My opinion shifted dramatically after a college friend introduced me to Tom Snyder, a revered teacher at Shady Hill Academy, a highly-regarded private school just down the street from Harvard. I visited a lot of classrooms using technology during my first year at Harvard, but Tom’s stood well apart from the rest. He used one computer to engage students in wonderful group activities. His classroom -- with students focused, talking, thinking, and learning -- mirrored the one I always wanted for myself. And the computer was helping him do it.
I was hooked. Tom and his partner, Rick Abrams, had started a little company on the 2nd floor of a 3 family house in Cambridge. I joined as an intern and within a year was pretty much working fulltime while still pushing my way through the Harvard program. The work slowed the doctoral progress, but I remained productive, churning out a dozen or more educational software programs for home and schools. My doctoral research focused on historical efforts to integrate technology into schools. I looked at everything from chalkboards to overhead projectors, from film projectors to televisions, to better understand the process of change that is supposed to accompany technological revolution but often doesn’t.

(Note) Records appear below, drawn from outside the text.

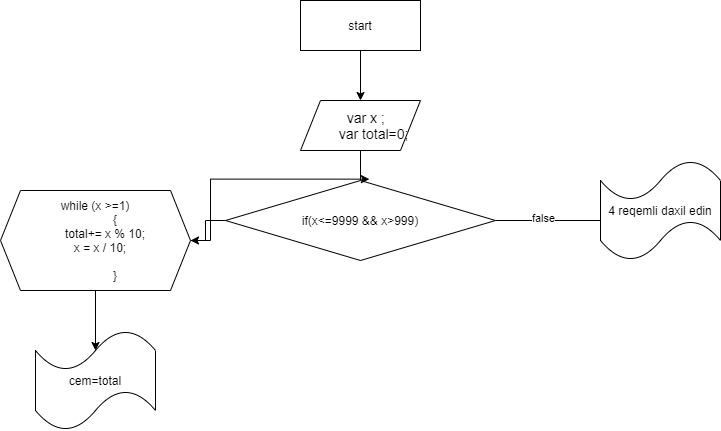

The diagram above was exported from draw.io. Its source (the exported page's mxGraphModel, read from the mxfile embedded in the PNG):
<mxGraphModel dx="966" dy="504" grid="1" gridSize="10" guides="1" tooltips="1" connect="1" arrows="1" fold="1" page="1" pageScale="1" pageWidth="850" pageHeight="1100" math="0" shadow="0">
  <root>
    <mxCell id="0" />
    <mxCell id="1" parent="0" />
    <mxCell id="GI5n4bj1oHehV-Okle8m-2" style="edgeStyle=orthogonalEdgeStyle;rounded=0;orthogonalLoop=1;jettySize=auto;html=1;" edge="1" parent="1" source="GI5n4bj1oHehV-Okle8m-1">
      <mxGeometry relative="1" as="geometry">
        <mxPoint x="410" y="120" as="targetPoint" />
      </mxGeometry>
    </mxCell>
    <mxCell id="GI5n4bj1oHehV-Okle8m-1" value="start" style="rounded=0;whiteSpace=wrap;html=1;" vertex="1" parent="1">
      <mxGeometry x="350" y="20" width="120" height="50" as="geometry" />
    </mxCell>
    <mxCell id="GI5n4bj1oHehV-Okle8m-4" style="edgeStyle=orthogonalEdgeStyle;rounded=0;orthogonalLoop=1;jettySize=auto;html=1;" edge="1" parent="1" source="GI5n4bj1oHehV-Okle8m-3">
      <mxGeometry relative="1" as="geometry">
        <mxPoint x="410" y="210" as="targetPoint" />
      </mxGeometry>
    </mxCell>
    <mxCell id="GI5n4bj1oHehV-Okle8m-3" value="&lt;div&gt;&lt;span style=&quot;font-size: 14px&quot;&gt;&amp;nbsp; &amp;nbsp;var x ;&lt;/span&gt;&lt;/div&gt;&lt;span style=&quot;font-size: 14px&quot;&gt;&amp;nbsp; &amp;nbsp; &amp;nbsp; &amp;nbsp;var total=0;&lt;br&gt;&lt;/span&gt;" style="shape=parallelogram;perimeter=parallelogramPerimeter;whiteSpace=wrap;html=1;fixedSize=1;" vertex="1" parent="1">
      <mxGeometry x="350" y="120" width="120" height="50" as="geometry" />
    </mxCell>
    <mxCell id="GI5n4bj1oHehV-Okle8m-6" style="edgeStyle=orthogonalEdgeStyle;rounded=0;orthogonalLoop=1;jettySize=auto;html=1;" edge="1" parent="1" source="GI5n4bj1oHehV-Okle8m-5">
      <mxGeometry relative="1" as="geometry">
        <mxPoint x="660" y="240" as="targetPoint" />
      </mxGeometry>
    </mxCell>
    <mxCell id="GI5n4bj1oHehV-Okle8m-7" value="false" style="edgeLabel;html=1;align=center;verticalAlign=middle;resizable=0;points=[];" vertex="1" connectable="0" parent="GI5n4bj1oHehV-Okle8m-6">
      <mxGeometry x="-0.1896" y="3" relative="1" as="geometry">
        <mxPoint as="offset" />
      </mxGeometry>
    </mxCell>
    <mxCell id="GI5n4bj1oHehV-Okle8m-11" style="edgeStyle=orthogonalEdgeStyle;rounded=0;orthogonalLoop=1;jettySize=auto;html=1;entryX=1;entryY=0.5;entryDx=0;entryDy=0;" edge="1" parent="1" source="GI5n4bj1oHehV-Okle8m-5" target="GI5n4bj1oHehV-Okle8m-10">
      <mxGeometry relative="1" as="geometry" />
    </mxCell>
    <mxCell id="GI5n4bj1oHehV-Okle8m-5" value="if(x&amp;lt;=9999 &amp;amp;&amp;amp; x&amp;gt;999)" style="rhombus;whiteSpace=wrap;html=1;" vertex="1" parent="1">
      <mxGeometry x="275" y="200" width="270" height="80" as="geometry" />
    </mxCell>
    <mxCell id="GI5n4bj1oHehV-Okle8m-8" value="4 reqemli daxil edin" style="shape=tape;whiteSpace=wrap;html=1;" vertex="1" parent="1">
      <mxGeometry x="650" y="180" width="120" height="100" as="geometry" />
    </mxCell>
    <mxCell id="GI5n4bj1oHehV-Okle8m-12" style="edgeStyle=orthogonalEdgeStyle;rounded=0;orthogonalLoop=1;jettySize=auto;html=1;entryX=0.533;entryY=-0.017;entryDx=0;entryDy=0;entryPerimeter=0;" edge="1" parent="1" source="GI5n4bj1oHehV-Okle8m-10" target="GI5n4bj1oHehV-Okle8m-5">
      <mxGeometry relative="1" as="geometry" />
    </mxCell>
    <mxCell id="GI5n4bj1oHehV-Okle8m-13" style="edgeStyle=orthogonalEdgeStyle;rounded=0;orthogonalLoop=1;jettySize=auto;html=1;" edge="1" parent="1" source="GI5n4bj1oHehV-Okle8m-10">
      <mxGeometry relative="1" as="geometry">
        <mxPoint x="145" y="370" as="targetPoint" />
      </mxGeometry>
    </mxCell>
    <mxCell id="GI5n4bj1oHehV-Okle8m-10" value="&lt;div&gt;while (x &amp;gt;=1)&lt;/div&gt;&lt;div&gt;&amp;nbsp; &amp;nbsp; &amp;nbsp; &amp;nbsp; &amp;nbsp; &amp;nbsp; {&lt;/div&gt;&lt;div&gt;&amp;nbsp; &amp;nbsp; &amp;nbsp; total+= x % 10;&lt;/div&gt;&lt;div&gt;&lt;span&gt;&amp;nbsp; &amp;nbsp;x = x / 10;&lt;/span&gt;&lt;/div&gt;&lt;div&gt;&lt;br&gt;&lt;/div&gt;&lt;div&gt;&amp;nbsp; &amp;nbsp; &amp;nbsp; &amp;nbsp; &amp;nbsp; &amp;nbsp; }&lt;/div&gt;" style="shape=hexagon;perimeter=hexagonPerimeter2;whiteSpace=wrap;html=1;fixedSize=1;" vertex="1" parent="1">
      <mxGeometry x="50" y="210" width="190" height="100" as="geometry" />
    </mxCell>
    <mxCell id="GI5n4bj1oHehV-Okle8m-14" value="cem=total" style="shape=tape;whiteSpace=wrap;html=1;" vertex="1" parent="1">
      <mxGeometry x="85" y="350" width="120" height="100" as="geometry" />
    </mxCell>
  </root>
</mxGraphModel>

I finished the doctorate in 1988, long before the educational technology revolution was complete (I think we’re still waiting).
Although I guide product development as the Chief Academic Officer at Tom Snyder Productions, I retain a healthy skepticism about the use of technology for technology sake. I share that skepticism in the design course I teach within the Technology, Innovation, and Education (TIE) program at HGSE. And I respected the balance between technology’s promise and the daily demands of life in the classroom during my nine years on my town’s school committee. I have the best jobs. I get to work with passionate people and curious students in the pursuit of making a difference in the lives of children in school. That’s pretty good.